Das das AM ein gutes Bike ist ist mir klar. Ich mag mich aber zwischen dem AC und ION16 entscheiden. Was würdet ihr in meinem Fall machen?


----------



## MarcoFibr (9. November 2012)

Das AC ist nur für eine 34er Gabel freigegeben. Ist bestimmt ein sehr gutes AM und das ION16 ist eine MiniDH. 
Ich würde Dir das AC empfehlen.


----------



## beetle (9. November 2012)

Das neue AC kann auch mit einer 160mm Gabel bestückt werden, oder was meinst du?


----------



## lakekeman (9. November 2012)

So kurz und verspielt wie das "alte" AC werden beide nicht sein. Radstand, Oberrohr, Reach wachsen deutlich an.
Was nicht heißen soll dass es keine guten Rahmen werden, nur eben etwas anders.


----------



## trailterror (9. November 2012)

@beetle

AC wohl mit verstärktem ur mit 160er gabeln kompatibel...


----------



## beetle (9. November 2012)

Um ein flacheren LW komm ich einfach nicht rum. Ich kenn die Grenzen zu gut von meinem Nerve AM mit 68,5°. Das "alte" AC hat 67,5°. Ich denke das das Zusätzliche Grad mir zugute kommen wird. 

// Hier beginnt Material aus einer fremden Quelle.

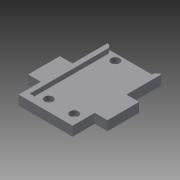
# Autodesk Inventor part: soporte
Saved by Autodesk Inventor 2015 SP1 (Build 190203100, 203)
## iProperties
Created: 2015-06-09
Part Number: soporte
Material: Generic
Document SubType Name: Modeling
Designer: pc
Density: 1 g/cm^3
Appearance: Default
Author: pc
Autodesk Inventor part; units mm, degrees
ref_plane "YZ Plane" through (0, 0, 0) normal (1, 0, 0) x (0, 1, 0)
ref_plane "XZ Plane" through (0, 0, 0) normal (0, 1, 0) x (-1, 0, 0)
ref_plane "XY Plane" through (0, 0, 0) normal (0, 0, 1) x (1, 0, 0)
sketch "Sketch1" plane through (0, 0, 0) normal (0, 0, 1) x (1, 0, 0)
  line L0 (-17, 28) -> (0, 28)
  line L1 (4, 7) -> (0, 7)
  line L2 (0, 7) -> (0, 0)
  line L3 (0, 0) -> (-17, 0)
  line L4 (-17, 0) -> (-17, 7)
  line L5 (-17, 28) -> (-17, 17)
  line L6 (-17, 17) -> (-21, 17)
  line L7 (-21, 17) -> (-21, 7)
  line L8 (-21, 7) -> (-17, 7)
  line L9 (0, 28) -> (0, 17)
  line L10 (0, 17) -> (4, 17)
  line L11 (4, 17) -> (4, 7)
  point P0 (0, 0)
  dimension "d0" = 17
  dimension "d1" = 10
  dimension "d2" = 28
  dimension "d3" = 4
  dimension "d6" = 7
  constraints: 24 end point, 6 perpendicular, 4 collinear, 4 point on line, 2 coincident, 2 vertical, 2 other
  measures "d0" distance of L0.start L0.end
  measures "d1" distance of L6.end L7.end
  measures "d2" distance between parallel lines of L3 L0
  measures "d3" distance of L5.end L6.end
  measures "d6" distance of L3.end L4.end
extrude "Extrusion1" add sketch "Sketch1" along normal blind 3
sketch "Sketch2" plane through (0, 0, 3) normal (0, 0, 1) x (1, 0, 0)
  line L0 (-17, 28) -> (-17, 17) projected
  line L1 (-17, 17) -> (-21, 17) projected
  line L2 (-21, 17) -> (-21, 7) projected
  line L3 (-21, 7) -> (-17, 7) projected
  line L4 (-17, 7) -> (-17, 0) projected
  line L5 (-17, 0) -> (0, 0) projected
  line L6 (0, 0) -> (0, 7) projected
  line L7 (0, 7) -> (4, 7) projected
  line L8 (4, 7) -> (4, 17) projected
  line L9 (4, 17) -> (0, 17) projected
  line L10 (0, 17) -> (0, 28) projected
  line L11 (0, 28) -> (-17, 28) projected
  line L12 (-17, 0) -> (0, 0) projected
  line L13 (-15.5, 2) -> (-1.5, 2)
  line L14 (-1.5, 2) -> (-1.5, 28)
  line L15 (-1.5, 28) -> (-15.5, 28)
  line L16 (-15.5, 28) -> (-15.5, 2)
  line L17 (0, 28) -> (-17, 28) projected
  dimension "d7" = 14
  dimension "d8" = 1.5
  dimension "d19" = 26
  constraints: 8 end point, 2 parallel, 1 horizontal, 1 perpendicular, 1 point on line
  measures "d7" distance of L15.end L14.end
  measures "d8" distance between parallel lines of L4 L16
  measures "d19" distance of L13.end L14.end
extrude "Extrusion2" cut sketch "Sketch2" against normal blind 1.5 contours L11 L14 L13 L16
sketch "Sketch3" plane through (0, 0, 1.5) normal (0, 0, 1) x (1, 0, 0)
  line L0 (-1.5, 28) -> (-1.5, 2) projected
  line L1 (-15.5, 28) -> (-1.5, 28) projected
  line L2 (-15.5, 2) -> (-15.5, 28) projected
  circle A0 centre (-12.5, 26) radius 1.35
  circle A1 centre (-12.5, 5) radius 1.35
  circle A2 centre (-4.5, 5) radius 1.35
  line L3 (-1.5, 2) -> (-15.5, 2) projected
  point P0 (0, 0)
  dimension "d12" = 2.7
  dimension "d13" = 8
  dimension "d14" = 21
  dimension "d21" = 3
  constraints: 3 centre point, 2 equal radius, 1 horizontal alignment, 1 vertical alignment
  measures "d12" diameter of A1
  measures "d13" distance of A2.centre A1.centre
  measures "d14" distance of A1.centre A0.centre
  measures "d21" distance from line of L3 A1.centre
extrude "Extrusion3" cut sketch "Sketch3" against normal through all contours A0 | A1 | A2
fillet "Fillet1" radius 1.5 2 edges at (-15.5, 28, 2.25) (-1.5, 28, 2.25)
body "Solid1"
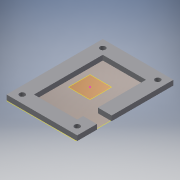
# Autodesk Inventor part: Pieza3
Saved by Autodesk Inventor 2017 (Build 210142000, 142)
## iProperties
Part Number: Pieza3
Material: Genérico
Document SubType Name: Modeling
Designer: user
Density: 1 g/cm^3
Appearance: Valor por defecto
Author: user
Autodesk Inventor part; units mm, degrees
ref_plane "YZ Plane" through (0, 0, 0) normal (1, 0, 0) x (0, 1, 0)
ref_plane "XZ Plane" through (0, 0, 0) normal (0, 1, 0) x (-1, 0, 0)
ref_plane "XY Plane" through (0, 0, 0) normal (0, 0, 1) x (1, 0, 0)
ref_plane "Plano de trabajo1" through (0, 0, 0) normal (0, 0, 1) x (1, 0, 0)
sketch "Boceto1" plane through (0, 0, 0) normal (0, 0, 1) x (1, 0, 0)
  line L0 (-22, -35) -> (22, -35) projected
  line L1 (-22, 35) -> (-22, -35) projected
  line L2 (22, 35) -> (-22, 35) projected
  line L3 (22, -35) -> (22, 35) projected
  line L4 (-36, -49) -> (36, -49) projected
  line L5 (36, -49) -> (36, 49) projected
  line L6 (36, 49) -> (-36, 49) projected
  line L7 (-36, 49) -> (-36, -49) projected
  line L8 (-36, -49) -> (36, -49)
  line L9 (36, -49) -> (36, 49)
  line L10 (36, 49) -> (-36, 49)
  line L11 (-36, 49) -> (-36, -49)
  line L12 (-22, -35) -> (22, -35)
  line L13 (22, 35) -> (-22, 35)
  line L14 (-22, 35) -> (-22, -35)
  circle A0 centre (28, -41) radius 2.75 projected
  circle A1 centre (-28, 41) radius 2.75 projected
  circle A2 centre (28, 41) radius 2.75 projected
  circle A3 centre (-28, -41) radius 2.75 projected
  line L15 (36, -49) -> (36, -29)
  line L16 (36, -29) -> (22, -29)
  line L17 (36, -29) -> (36, -14)
  line L18 (36, -14) -> (22, -14)
  line L19 (22, -35) -> (22, -29)
  line L20 (22, -14) -> (22, 35)
  point P0 (0, 0)
  dimension "d16" = 20
  dimension "d17" = 15
  dimension "d18" = 0
  constraints: 26 end point, 7 perpendicular, 5 parallel, 2 horizontal, 2 point on line
  measures "d16" distance of L8.end L15.end
  measures "d17" distance of L15.end L17.end
  measures "d18" distance between parallel lines of L3 L19
ref_plane "Plano de trabajo4" through (0, 0, 5) normal (0, 0, 1) x (1, 0, 0)
ref_plane "Plano de trabajo3" through (0, 0, 5) normal (0, 0, 1) x (1, 0, 0)
ref_plane "Plano de trabajo2" through (0, 0, 5) normal (0, 0, 1) x (1, 0, 0)
sketch "Boceto4" plane through (0, 0, 5) normal (0, 0, 1) x (1, 0, 0)
  point P0 (0, 0)
extrude "Extrusión2" add sketch "Boceto1" along normal blind 5 contours L0 L3 L16 L5 L4 L7 L6 L18 L2 L1
sketch "Boceto2" plane through (0, 0, 5) normal (0, 0, 1) x (1, 0, 0)
  point P0 (-28, 41)
  point P1 (28, 41)
  point P2 (28, -41)
  point P3 (-28, -41)
sketch "Boceto3" plane through (0, 0, 5) normal (0, 0, 1) x (1, 0, 0)
  point P0 (-28, 41)
  point P1 (28, 41)
  point P2 (28, -41)
  point P3 (-28, -41)
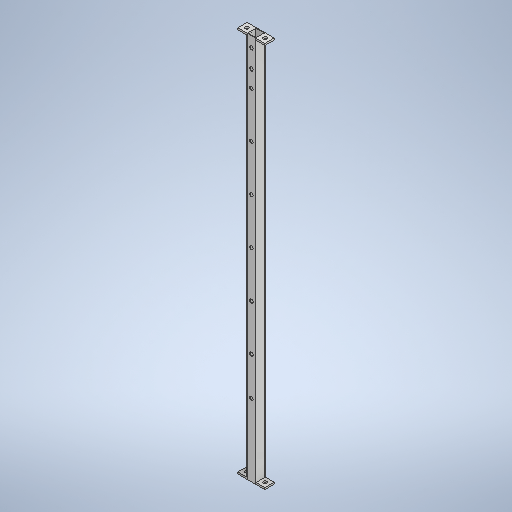
# Autodesk Inventor part: Perfil_Vertical_Acero
Saved by Autodesk Inventor 2025.2 (Build 292293000, 293)
## iProperties
Created: 2025-05-30
Part Number: Perfil_Vertical_Acero
Material: Generic
Document SubType Name: Modeling
Designer: USER
Density: 1 g/cm^3
Appearance: Default
Author: USER
Autodesk Inventor part; units mm, degrees
ref_plane "YZ Plane" through (0, 0, 0) normal (1, 0, 0) x (0, 1, 0)
ref_plane "XZ Plane" through (0, 0, 0) normal (0, 1, 0) x (-1, 0, 0)
ref_plane "XY Plane" through (0, 0, 0) normal (0, 0, 1) x (1, 0, 0)
sketch "Sketch1" plane through (0, 0, 0) normal (0, 1, 0) x (-1, 0, 0)
  line L0 (0, 0) -> (31.75, 0)
  line L1 (31.75, 0) -> (31.75, -31.75)
  line L2 (31.75, -31.75) -> (0, -31.75)
  line L3 (0, -31.75) -> (0, 0)
  line L4 (29.75, -29.75) -> (29.75, -2)
  line L5 (29.75, -2) -> (2, -2)
  line L6 (2, -2) -> (2, -29.75)
  line L7 (2, -29.75) -> (29.75, -29.75)
  dimension "d8" = 31.75
  dimension "d9" = 31.75
  dimension "d10" = 2
  constraints: 16 end point, 4 parallel, 2 perpendicular, 1 horizontal, 3 other
  measures "d8" distance of L0.end L1.end
  measures "d9" distance of L1.end L2.end
  measures "d10" distance between parallel lines of L1 L4
extrude "Extrusion1" add sketch "Sketch1" along normal blind 1310
sketch "Sketch3" plane through (-31.75, 0, 0) normal (0, 0, 1) x (1, 0, 0)
  line L0 (31.75, 0) -> (31.75, 368)
  line L1 (31.75, 0) -> (31.75, 1310) projected
  line L2 (0, 0) -> (31.75, 0) projected
  line L3 (31.75, 0) -> (31.75, 1310) projected
  line L4 (0, 1310) -> (31.75, 1310) projected
  line L5 (0, 0) -> (0, 1310) projected
  circle A0 centre (15.875, 375) radius 6
  circle A1 centre (15.875, 531) radius 6
  circle A2 centre (15.875, 687) radius 6
  circle A3 centre (15.875, 843) radius 6
  circle A4 centre (15.875, 999) radius 6
  circle A5 centre (15.875, 1155) radius 6
  dimension "d11" = 368
  dimension "d12" = 12
  dimension "d15" = 12
  dimension "d16" = 156
  dimension "d17" = 12
  dimension "d18" = 156
  dimension "d19" = 12
  dimension "d20" = 156
  dimension "d21" = 12
  dimension "d22" = 156
  dimension "d23" = 12
  dimension "d24" = 156
  constraints: 6 centre point, 2 end point, 1 point on line
  measures "d11" distance of L0.start L0.end
  measures "d12" diameter of A0
  measures "d15" diameter of A1
  measures "d16" distance of A0.centre A1.centre
  measures "d17" diameter of A2
  measures "d18" distance of A2.centre A1.centre
  measures "d19" diameter of A3
  measures "d20" distance of A2.centre A3.centre
  measures "d21" diameter of A4
  measures "d22" distance of A4.centre A3.centre
  measures "d23" diameter of A5
  measures "d24" distance of A4.centre A5.centre
extrude "Extrusion2" cut sketch "Sketch3" against normal through all contours A0 | A1 | A2 | A3 | A4 | A5
sketch "Sketch4" plane through (0, 0, 0) normal (0, -1, 0) x (1, 0, 0)
  line L0 (0, -31.75) -> (-31.75, -31.75) projected
  line L1 (0, 0) -> (0, -31.75) projected
  line L2 (-31.75, 0) -> (0, 0) projected
  line L3 (-31.75, -31.75) -> (-31.75, 0) projected
  line L4 (-29.75, -29.75) -> (-2, -29.75) projected
  line L5 (-29.75, -2) -> (-29.75, -29.75) projected
  line L6 (-2, -2) -> (-29.75, -2) projected
  line L7 (-2, -29.75) -> (-2, -2) projected
  line L8 (0, 0) -> (30, 0)
  line L9 (30, 0) -> (30, -31.75)
  line L10 (30, -31.75) -> (0, -31.75)
  line L11 (0, -31.75) -> (0, 0)
  line L12 (-31.75, 0) -> (-61.75, 0)
  line L13 (-61.75, 0) -> (-61.75, -31.75)
  line L14 (-61.75, -31.75) -> (-31.75, -31.75)
  line L15 (-31.75, -31.75) -> (-31.75, 0)
  circle A0 centre (-46.75, -15.875) radius 6
  circle A1 centre (15, -15.875) radius 6
  dimension "d25" = 30
  dimension "d26" = 30
  dimension "d29" = 12
  dimension "d30" = 12
  constraints: 16 end point, 4 parallel, 2 centre point, 2 horizontal, 2 perpendicular, 1 point on line
  measures "d25" distance of L9.end L10.end
  measures "d26" distance of L14.end L13.end
  measures "d29" diameter of A0
  measures "d30" diameter of A1
extrude "Extrusion3" add sketch "Sketch4" against normal blind 6 contours L1 L8 L9 L10 | L14 L13 L12 L3
sketch "Sketch5" plane through (0, 1310, 0) normal (0, 1, 0) x (1, 0, 0)
  line L0 (0, 31.75) -> (-31.75, 31.75) projected
  line L1 (30, 0) -> (-61.75, 0) projected
  line L2 (0, 31.75) -> (30, 31.75)
  line L3 (30, 31.75) -> (30, 0)
  line L4 (30, 0) -> (0, 0)
  line L5 (0, 0) -> (0, 31.75)
  line L6 (-31.75, 31.75) -> (-31.75, 0) projected
  line L7 (-61.75, 31.75) -> (-61.75, 0) projected
  line L8 (-31.75, 31.75) -> (-61.75, 31.75)
  line L9 (-61.75, 31.75) -> (-61.75, 0)
  line L10 (-61.75, 0) -> (-31.75, 0)
  line L11 (-31.75, 0) -> (-31.75, 31.75)
  circle A0 centre (-46.75, 15.875) radius 6 projected
  circle A1 centre (-46.75, 15.875) radius 6
  circle A2 centre (15, 15.875) radius 6 projected
  circle A3 centre (15, 15.875) radius 6
  constraints: 16 end point, 4 parallel, 2 centre point, 2 coincident, 2 horizontal, 2 perpendicular
extrude "Extrusion4" add sketch "Sketch5" against normal blind 6 contours L2 L3 L1 L5 | L6 L1 L7 L8
sketch "Sketch6" plane through (-61.75, 0, 0) normal (0, 0, 1) x (1, 0, 0)
  circle A0 centre (45.875, 1274) radius 6
  line L0 (91.75, 1304) -> (61.75, 1304) projected
  circle A1 centre (45.875, 1212.25) radius 6
  point P0 (61.75, 0)
  dimension "d33" = 12
  dimension "d34" = 30
  dimension "d35" = 12
  dimension "d36" = 61.75
  constraints: 2 centre point
  measures "d33" diameter of A0
  measures "d34" distance from line of L0 A0.centre
  measures "d35" diameter of A1
  measures "d36" distance of A1.centre A0.centre
extrude "Extrusion5" cut sketch "Sketch6" against normal through all
sketch "Sketch7" plane through (-61.75, 0, 0) normal (0, 0, 1) x (1, 0, 0)
  circle A0 centre (45.875, 245) radius 6
  circle A1 centre (45.875, 375) radius 6 projected
  point P0 (61.75, 0)
  dimension "d39" = 12
  dimension "d40" = 130
  constraints: 1 centre point
  measures "d39" diameter of A0
  measures "d40" distance of A0.centre A1.centre
extrude "Extrusion6" cut sketch "Sketch7" against normal through all contours A0
body "Solid1"

Ich denk ich kauf mir das AC. Oder doch aufs ION16 warten?


----------



## MTB-News.de




----------



## NoStyle (9. November 2012)

beetle schrieb:


> Hallo Forum,
> 
> so ein Nicolai rumort schon seit Jahren bei mir. Heute mal ein 2012er AC probegesesse und es gefällt, außer dass der Lenkwinkel mir zu steil war. Bin mir sehr sicher das das 2013er AC DAS Bike für mich sein könnte. Aber das ION 16 soll ja auch bald kommen. Ich will ein Bike das durchaus für den Toureneinsatz problemlos funktionieren muss. Ich muss nicht alles hoch fahren. Trotzdem sollte es nicht bergauf zu träge sein. Bergab ist  trotzdem mein Fokus. Ich fahre gerne technisch verspielt und lege sehr viel Wert auf ausgefeilte Fahrtechnik und bin daher da immer am feilen. Zum runter fahren brauch ich nichts zum es laufen lassen. Das Bike sollte trotzdem auch nicht bei extremen Sachen überfordert sein. Eine spielfreudige Trailrakete mag ich.  Das 2012er Helius AC war schon mal genau in die richtige Richtung. Habe mich sofort wohl gefühlt. Im Vergleich ein Liteville 301 MK8 gefiel mir überhaupt nicht.
> 
> ...


Wenn ich mir das so durchlese würde ich nicht auf das ION-16 warten, sondern beim AC 2013 zuschlagen. Mit kräftigerem Unterrohr sind dann auch 36er Gabeln mit 16 cm Federweg freigegeben, ansonsten halt die 34er Kollegen bis zu diesem Federweg. Für den Fall eines noch flacheren Lenkwinkels könntest Du zusätzlich einen Winkelsteuersatz verbauen. 
Das neue AC wird wohl der geupdatete Nachfolger des almighty AMs sein - also DER Allrounder für rauf und runter. Das ION-16 ist noch nicht ganz final und geht bislang klar in die Richtung Race/Bergab/Enduro. Inwieweit da kerniges Tourenpotenzial steckt kann derzeit noch keiner sagen ...


----------



## beetle (9. November 2012)

@NoStyle: Vielen Dank für deine Meinung. Wahrscheinlich nehme ich das AC.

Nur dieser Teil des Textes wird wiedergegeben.